João Pedro Mendonça: "Sou expo... ciclista, só ando em piso liso e a direito"
Quantas Voltas já fez a Portugal?
É uma grande sorte perguntar-me isto este ano porque foi o Marco Chagas [comentador da RTP e ex-ciclista] que fez contas e disse-me que esta era a minha 18.ª volta. E para saber estes números, só podia recorrer a duas pessoas organizadas em contabilidade: ou o Marco ou o meu pai.
Portanto, atingiu a maioridade. E agora, o que muda?
[Risos] Pois, atingi a maioridade agora. Ou fiquei jurássico... O que sei é que aprendi há três anos como beber água ao mesmo tempo que ando de bicicleta. Nisso ainda sou fresquinho!
Então, com que idade é que aprendeu a andar de bicicleta?
Tardíssimo, deveria ter uns 15 ou 16 anos. Em pequeno, era uma criança um pouco acidentada, com tendência para a queda e os meus pais, avisados, evitaram que eu tivesse uma bicicleta porque, em circunstâncias normais, eu já era cliente habitual do Hospital de Seia [risos].
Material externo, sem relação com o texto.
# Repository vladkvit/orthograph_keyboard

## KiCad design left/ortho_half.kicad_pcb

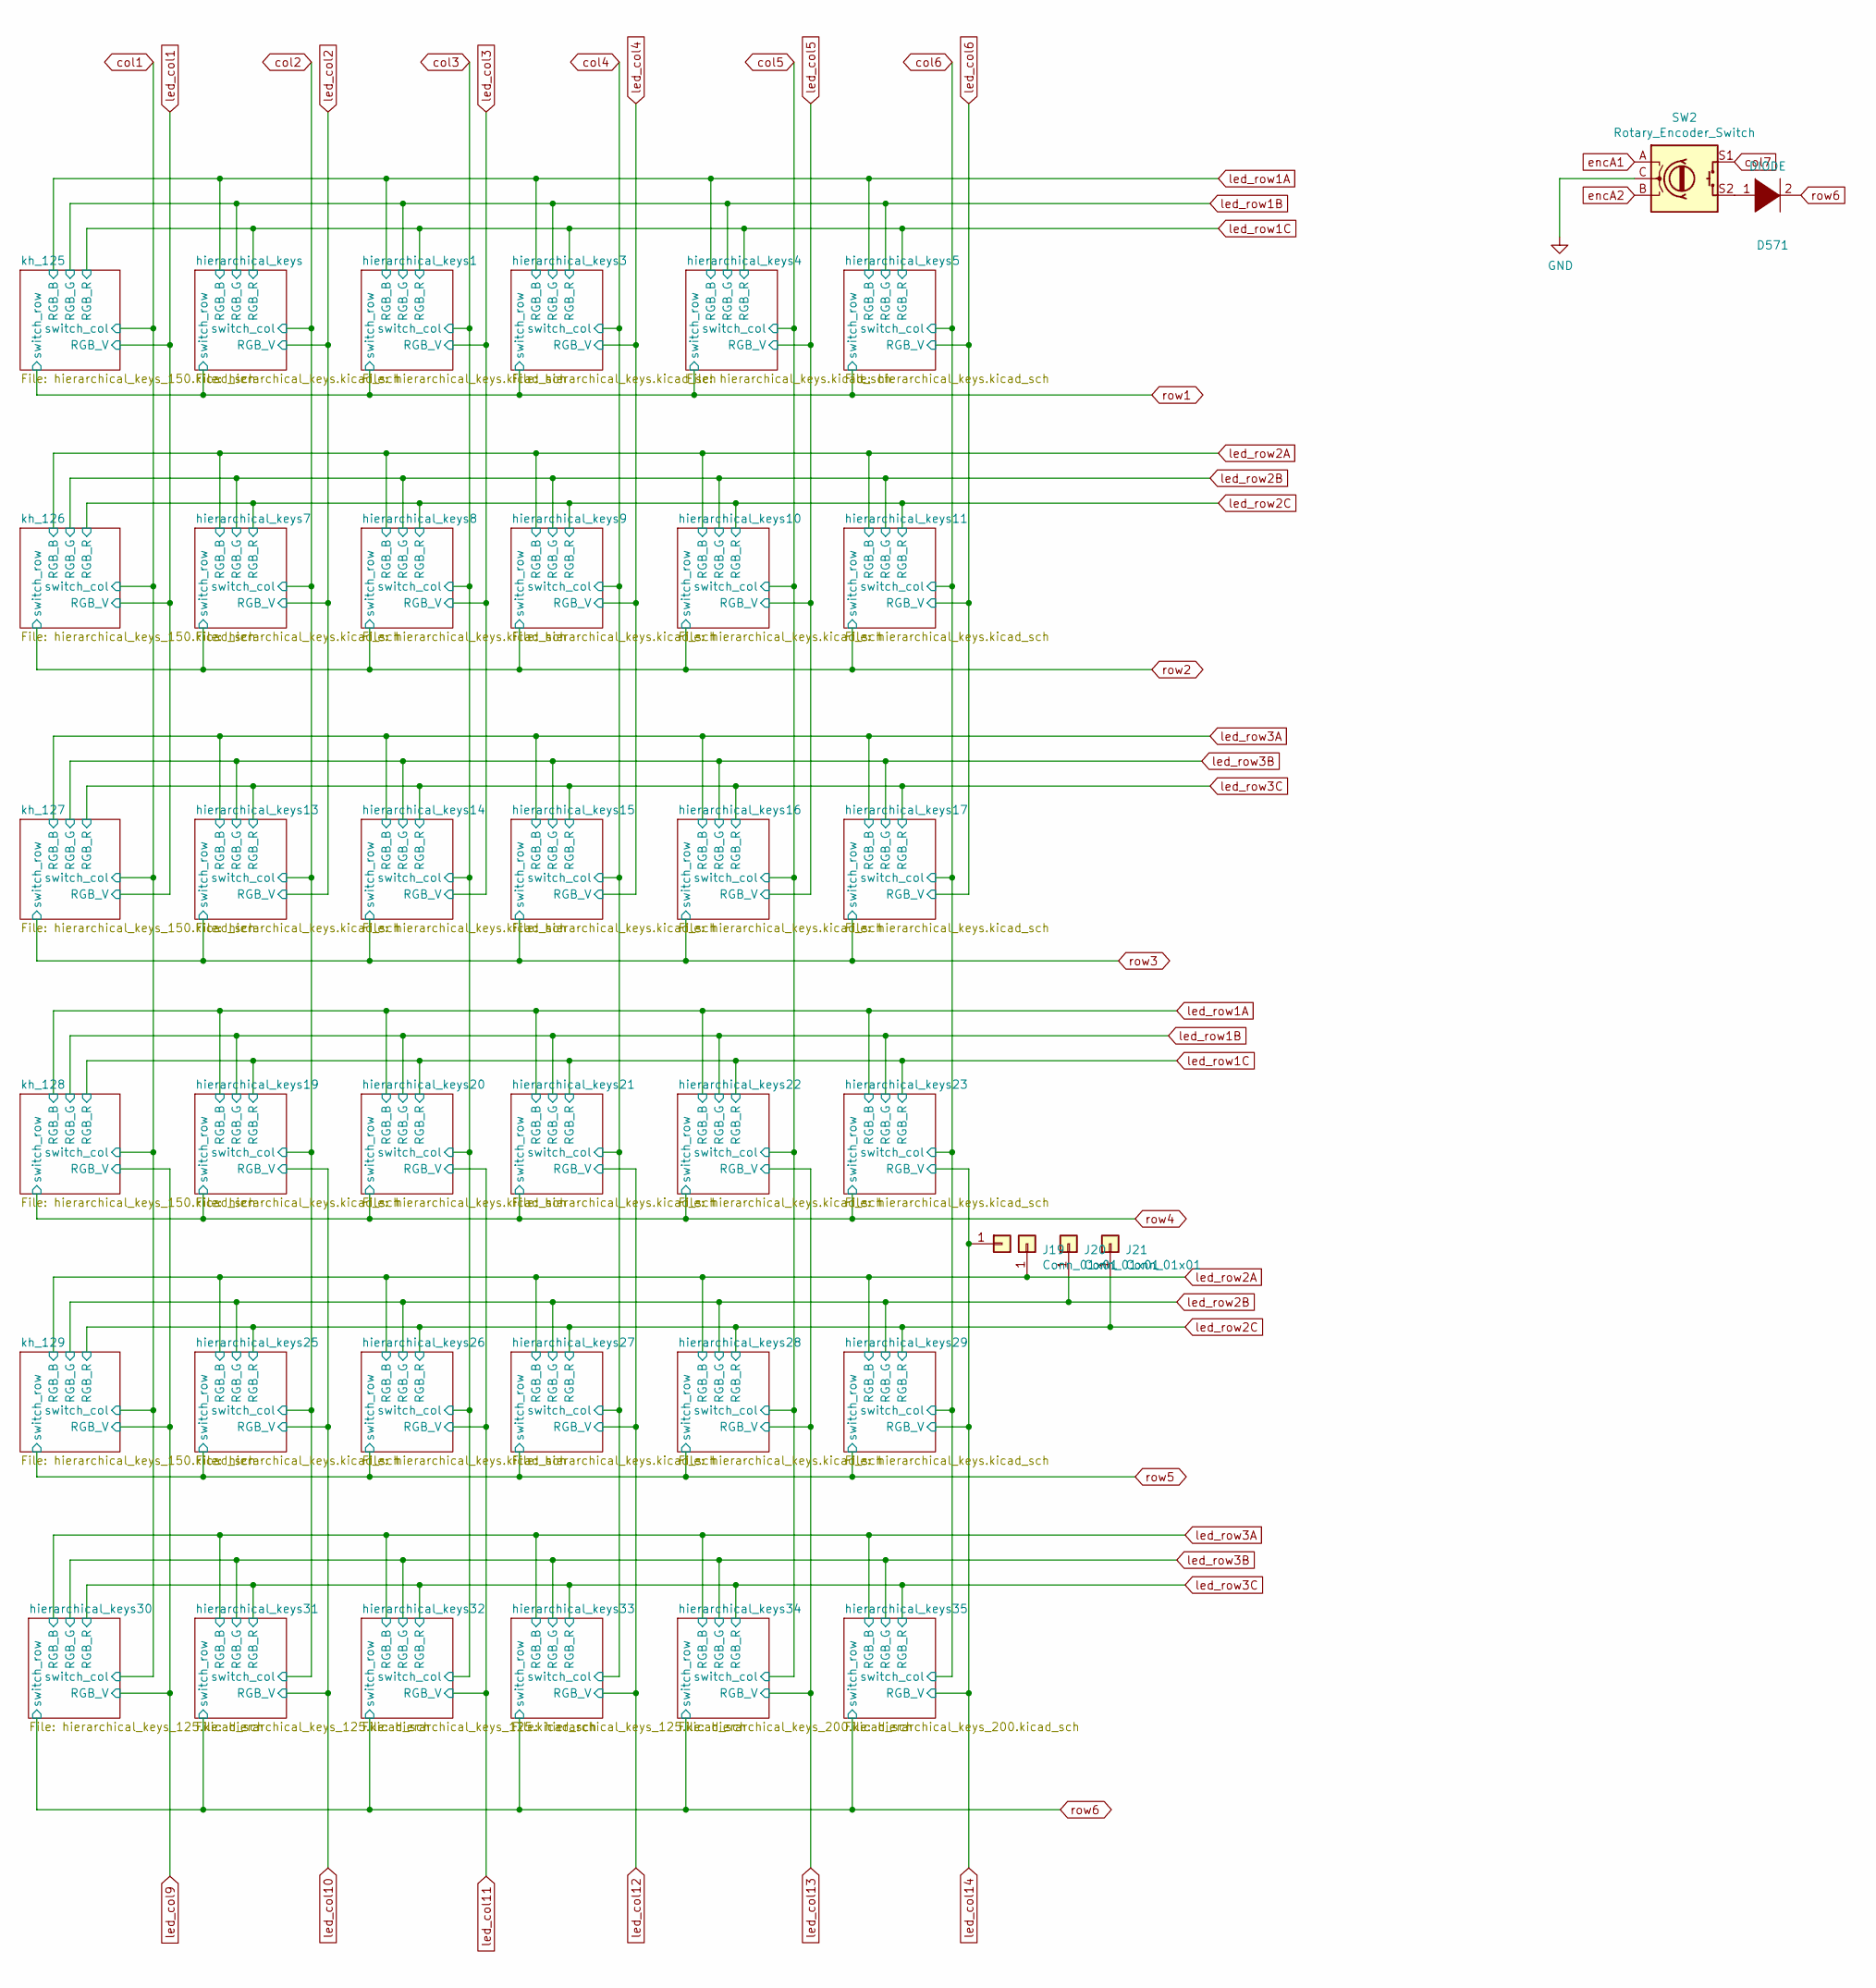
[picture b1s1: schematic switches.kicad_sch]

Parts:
D571: DIODE; D_SOD-123; LCSC C77978
J18, J19, J20, J21: Conn_01x01; TestPoint_Pad_D1.5mm
SW2: Rotary_Encoder_Switch; RotaryEncoderEC11_MX_combo; LCSC C470742

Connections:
GND: SW2.C; also elsewhere on the board
unnamed: D571.1 (K), SW2.S2
col7: SW2.S1; also elsewhere on the board
encA1: SW2.A; also elsewhere on the board
encA2: SW2.B; also elsewhere on the board
led_col14: J18.1; also elsewhere on the board
led_row2A: J19.1; also elsewhere on the board
led_row2B: J20.1; also elsewhere on the board
led_row2C: J21.1; also elsewhere on the board
row6: D571.2 (A); also elsewhere on the board

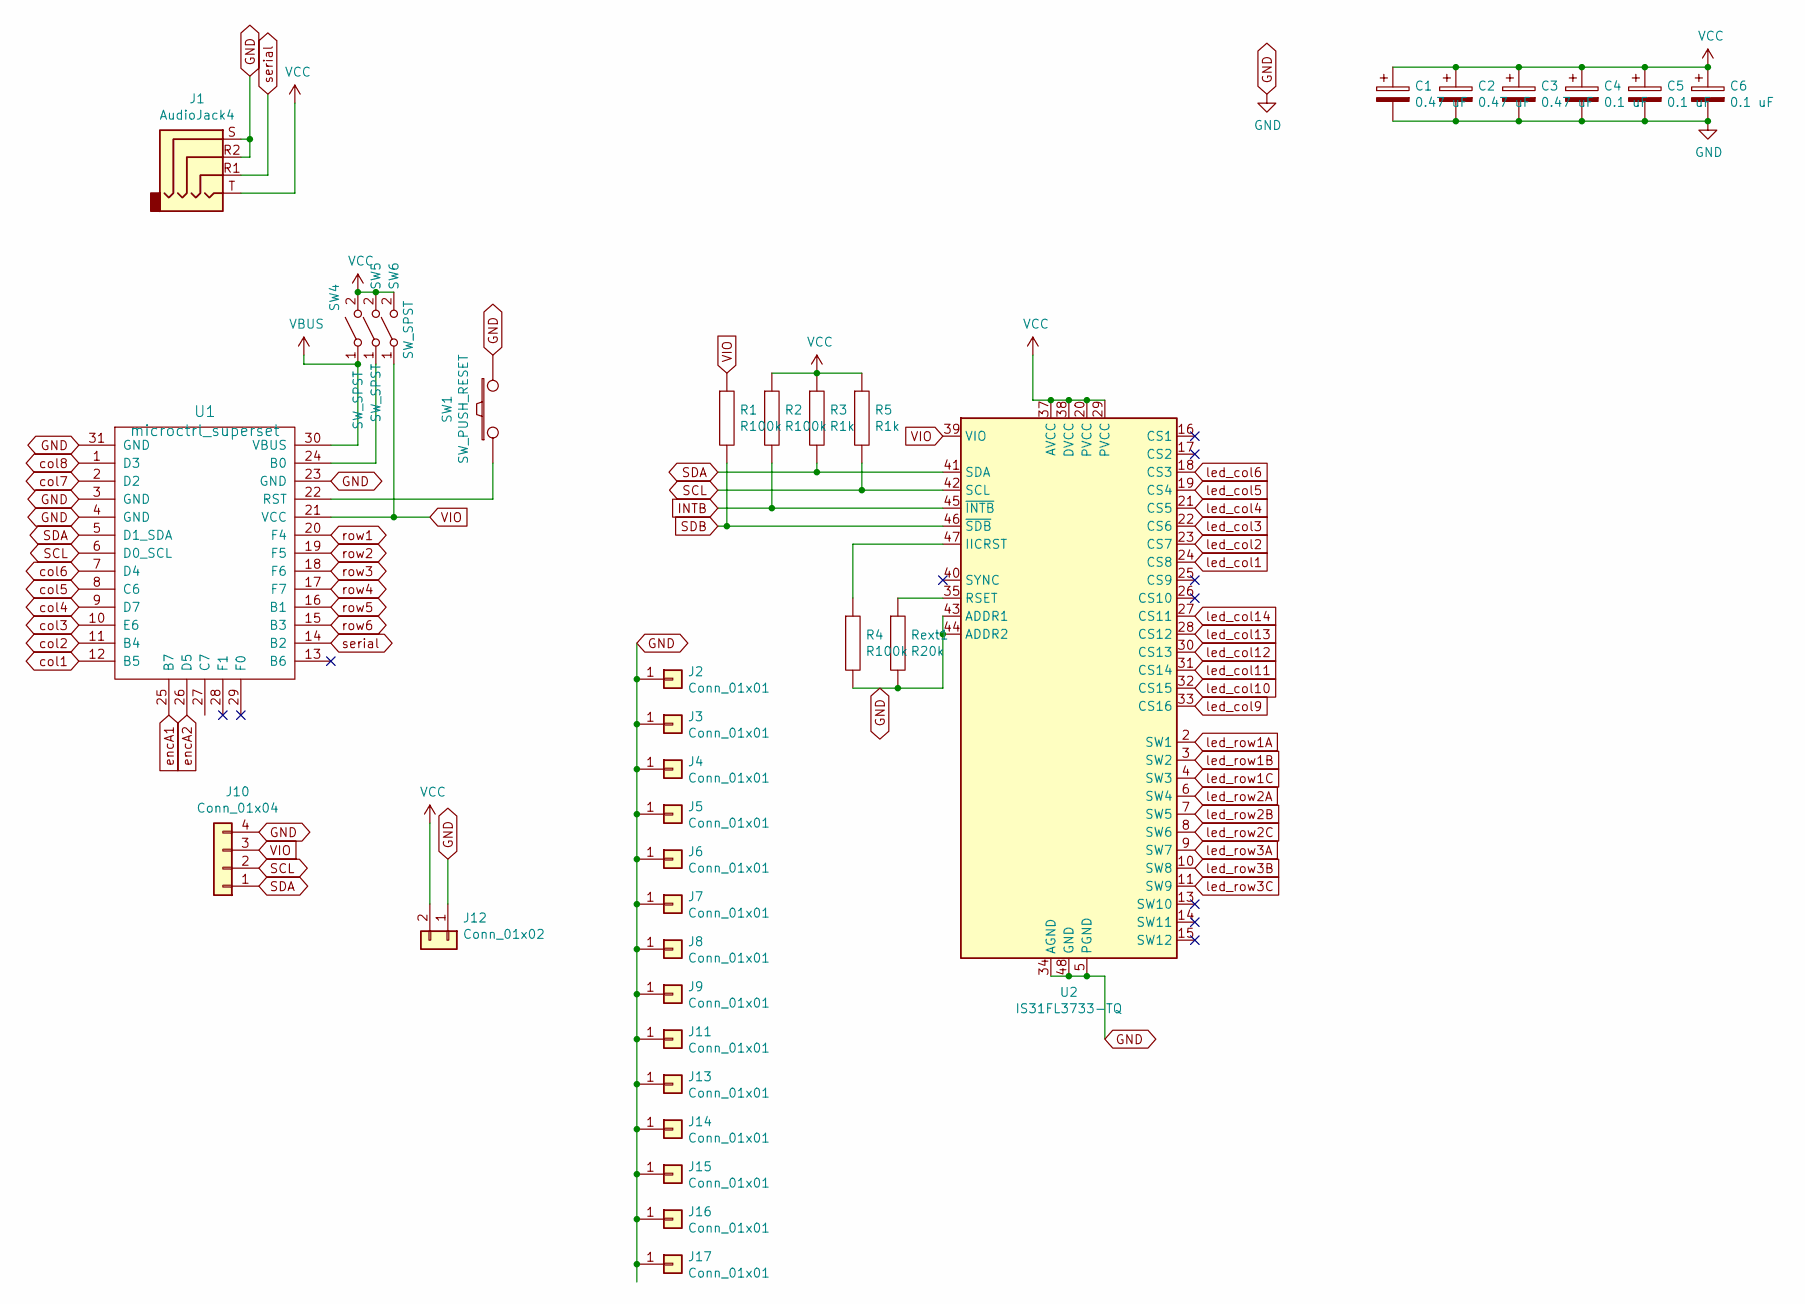
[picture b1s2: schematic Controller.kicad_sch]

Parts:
C1, C2, C3: 0.47 uF; C_0805_2012Metric; LCSC C49955
C4, C5, C6: 0.1 uF; C_0805_2012Metric; LCSC C49678
J1: AudioJack4; TRRS-PJ-320D; LCSC C431535
J2, J3, J5, J6, J7, J9, J11, J17: Conn_01x01; SMTSO_mount_m2.5; LCSC C2916379
J4, J8: Conn_01x01; m2.5_hole
J10: Conn_01x04; PinHeader_1x04_P2.54mm_Vertical
J12: Conn_01x02; battery_solder_point
J13, J14, J15, J16: Conn_01x01; standoff_m2.5
R1, R2, R4: R100k; R_0603_1608Metric; LCSC C25803
R3, R5: R1k; R_0603_1608Metric; LCSC C21190
Rext1: R20k; R_0603_1608Metric; LCSC C4184
SW1: SW_PUSH_RESET; SW_Push_1P1T_NO_CK_KMR2; LCSC C99271
SW4, SW5, SW6: SW_SPST; SolderJumper-2_P1.3mm_Open_RoundedPad1.0x1.5mm
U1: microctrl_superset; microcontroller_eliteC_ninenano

Porque decidiu aprender na adolescência?
Aprendi a andar de bicicleta no aniversário de uma namorada [risos]. Durante a festa, havia um grupo que foi andar de bicicleta e eu esperando que não chegasse a minha vez. Tentei evitar, mas não consegui, tive vergonha de dizer que não sabia e não quis dar parte fraca. Pus-me em cima da bicicleta e quando ela ia para a esquerda, inclinava-me para a direita. Nem estava a acreditar que tinha conseguido, mas também não disse nada. Fiquei eufórico, passei da vergonha extrema ao orgulho na bicicleta.
Comprou um bicicleta depois disso?
Não. Só comprei quando já era narrador de ciclismo, mas sempre quis muito ter uma. Hoje, até há alguns espectadores que me dizem que se lembram de mim quando fui corredor, alguns até me caracterizaram no pelotão [risos]. Há pessoas que me materializaram de uma maneira que nunca fui...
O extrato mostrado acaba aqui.